In an exclusive GPonline survey of more than 650 GPs, more than 40% said they would support industrial action involving the refusal to carry out non-core work.
Almost 40% of GPs said they were prepared to take part in action short of a full strike, such as refusing to carry out all but urgent and emergency work.
Just a quarter of GPs surveyed said they would not support industrial action at all.
GP industrial action
Support for industrial action by the profession in the face of the ongoing workload, workforce and funding crisis comes ahead of the emergency conference of LMCs next month. Local GP leaders are preparing demands for consideration at the crisis summit in London on 30 January.
An agenda for the LMC crisis conference will be published on 14 January. The GPC has said the conference should ‘focus attention on what actions are needed to ensure GPs can deliver a safe and sustainable service.'
A letter to LMCs said that 'no business shall be considered at the special conference other than to decide what actions are needed to ensure GPs can deliver a safe and sustainable service'.

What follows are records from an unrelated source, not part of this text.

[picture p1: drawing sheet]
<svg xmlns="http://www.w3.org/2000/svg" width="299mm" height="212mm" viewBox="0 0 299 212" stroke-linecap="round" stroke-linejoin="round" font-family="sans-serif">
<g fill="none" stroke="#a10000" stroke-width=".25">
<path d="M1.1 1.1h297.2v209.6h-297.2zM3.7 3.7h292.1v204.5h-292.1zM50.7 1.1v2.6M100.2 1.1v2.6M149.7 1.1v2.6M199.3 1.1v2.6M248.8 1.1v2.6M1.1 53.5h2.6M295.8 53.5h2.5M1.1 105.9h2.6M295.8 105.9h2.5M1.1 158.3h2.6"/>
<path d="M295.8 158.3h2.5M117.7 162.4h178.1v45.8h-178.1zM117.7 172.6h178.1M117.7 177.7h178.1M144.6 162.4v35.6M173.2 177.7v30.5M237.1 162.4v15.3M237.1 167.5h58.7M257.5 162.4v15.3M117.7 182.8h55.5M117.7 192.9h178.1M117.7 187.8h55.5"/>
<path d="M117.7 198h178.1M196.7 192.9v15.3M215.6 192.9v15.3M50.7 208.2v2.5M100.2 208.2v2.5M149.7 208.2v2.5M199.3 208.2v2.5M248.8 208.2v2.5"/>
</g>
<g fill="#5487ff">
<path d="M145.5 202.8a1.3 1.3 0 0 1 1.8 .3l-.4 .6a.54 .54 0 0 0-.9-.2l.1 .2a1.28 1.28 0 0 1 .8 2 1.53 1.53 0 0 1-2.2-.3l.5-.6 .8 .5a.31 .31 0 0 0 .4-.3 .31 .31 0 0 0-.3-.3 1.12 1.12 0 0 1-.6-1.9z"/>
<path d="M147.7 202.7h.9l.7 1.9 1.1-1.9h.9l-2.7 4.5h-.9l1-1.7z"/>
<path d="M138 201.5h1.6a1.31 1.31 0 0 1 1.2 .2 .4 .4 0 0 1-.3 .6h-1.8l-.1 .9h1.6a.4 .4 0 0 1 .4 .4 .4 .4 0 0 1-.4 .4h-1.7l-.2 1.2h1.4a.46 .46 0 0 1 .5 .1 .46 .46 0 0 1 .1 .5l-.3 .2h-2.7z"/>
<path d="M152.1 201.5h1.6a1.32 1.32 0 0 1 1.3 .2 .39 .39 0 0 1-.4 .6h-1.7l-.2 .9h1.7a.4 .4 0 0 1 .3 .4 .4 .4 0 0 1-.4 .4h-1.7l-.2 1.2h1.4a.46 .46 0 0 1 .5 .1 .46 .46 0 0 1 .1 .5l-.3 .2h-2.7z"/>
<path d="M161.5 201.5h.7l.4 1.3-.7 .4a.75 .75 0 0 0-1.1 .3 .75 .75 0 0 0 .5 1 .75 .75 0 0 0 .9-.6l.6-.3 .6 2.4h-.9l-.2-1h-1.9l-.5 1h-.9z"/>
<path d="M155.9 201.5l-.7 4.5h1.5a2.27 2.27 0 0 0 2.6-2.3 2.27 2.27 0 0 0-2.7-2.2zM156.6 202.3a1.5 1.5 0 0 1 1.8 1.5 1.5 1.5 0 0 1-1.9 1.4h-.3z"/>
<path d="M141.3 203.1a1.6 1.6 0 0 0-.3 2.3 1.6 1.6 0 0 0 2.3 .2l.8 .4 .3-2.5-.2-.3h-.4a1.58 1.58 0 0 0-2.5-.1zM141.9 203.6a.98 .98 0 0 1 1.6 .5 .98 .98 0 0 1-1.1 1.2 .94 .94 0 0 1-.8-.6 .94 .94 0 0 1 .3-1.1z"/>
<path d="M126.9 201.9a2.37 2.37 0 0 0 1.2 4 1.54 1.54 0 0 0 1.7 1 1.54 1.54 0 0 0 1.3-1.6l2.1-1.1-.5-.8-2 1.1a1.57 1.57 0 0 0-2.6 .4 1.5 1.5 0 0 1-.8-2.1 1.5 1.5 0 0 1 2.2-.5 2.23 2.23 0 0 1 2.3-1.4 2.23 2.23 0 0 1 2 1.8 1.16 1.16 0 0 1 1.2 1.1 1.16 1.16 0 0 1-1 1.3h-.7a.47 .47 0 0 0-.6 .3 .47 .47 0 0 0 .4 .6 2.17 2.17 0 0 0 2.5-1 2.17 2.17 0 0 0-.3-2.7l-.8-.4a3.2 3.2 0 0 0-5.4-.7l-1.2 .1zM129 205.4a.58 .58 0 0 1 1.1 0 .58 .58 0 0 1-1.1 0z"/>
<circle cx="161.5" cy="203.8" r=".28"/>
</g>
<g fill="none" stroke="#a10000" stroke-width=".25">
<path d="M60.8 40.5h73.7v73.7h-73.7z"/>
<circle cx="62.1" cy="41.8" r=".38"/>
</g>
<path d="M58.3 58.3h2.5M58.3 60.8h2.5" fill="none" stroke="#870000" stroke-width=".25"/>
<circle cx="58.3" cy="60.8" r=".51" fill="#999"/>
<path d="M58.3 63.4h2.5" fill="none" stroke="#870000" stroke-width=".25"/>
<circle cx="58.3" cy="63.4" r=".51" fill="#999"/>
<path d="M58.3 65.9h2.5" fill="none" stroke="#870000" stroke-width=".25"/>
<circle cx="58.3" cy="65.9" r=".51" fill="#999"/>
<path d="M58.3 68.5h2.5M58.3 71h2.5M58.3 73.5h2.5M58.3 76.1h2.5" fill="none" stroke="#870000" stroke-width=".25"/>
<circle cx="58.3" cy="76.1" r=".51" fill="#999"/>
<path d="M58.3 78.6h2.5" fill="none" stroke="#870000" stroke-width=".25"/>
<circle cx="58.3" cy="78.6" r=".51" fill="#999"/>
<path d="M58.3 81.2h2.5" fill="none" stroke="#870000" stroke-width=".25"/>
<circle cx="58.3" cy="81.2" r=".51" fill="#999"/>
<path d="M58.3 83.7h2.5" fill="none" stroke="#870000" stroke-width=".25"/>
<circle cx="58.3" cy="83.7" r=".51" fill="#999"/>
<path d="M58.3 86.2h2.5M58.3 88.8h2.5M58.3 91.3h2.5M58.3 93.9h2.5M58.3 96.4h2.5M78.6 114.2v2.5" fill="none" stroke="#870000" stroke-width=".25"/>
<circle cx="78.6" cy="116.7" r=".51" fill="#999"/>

President of Doctors in Unite/Medical Practitioners Union Dr Ron Singer said support for action was a reflection of a funding crisis in the NHS. GPs, he said, had been inspired by their junior doctor colleagues.
Junior doctor strikes
Dr Singer, a former GPC member, said there was ‘no question’ industrial action by GPs was possible if doctors’ leaders focus on a single issue ‘worth going to the wall about’.
‘The reason that is even more of a possibility now is because junior doctors showed that the public is behind them taking industrial action about the state of the NHS focused on a particular issue’, the union leader said.
‘The BMA must take heart from the trail the junior doctors have blazed,' he added.
One GP who responded to the survey said: ‘I have never consider any form of industrial action until now. We are at all stretched to breaking point and still they want to put more on us. They want us to be blamed when the NHS collapses-it's basically like watching a very slow train crash and there's nothing that can be done about it.’
GP crisis
Another added: ‘GPs are too committed as a group to vote for industrial action and the government knows that. The BMA should support us in boycotting things that divert our time and resources from clinical care eg CQC, admission avoidance.’
But one GP who was more sceptical about action said: ‘My concern is that the press and government have painted such an unfavourable picture of GPs over the past few years that I am not sure any industrial action will be so favourably supported by the public in the way junior doctors have been. I hope I am wrong in this but the "overpaid and underworked" message is sadly fairly widespread, notwithstanding the high ratings GPs still receive in surveys.’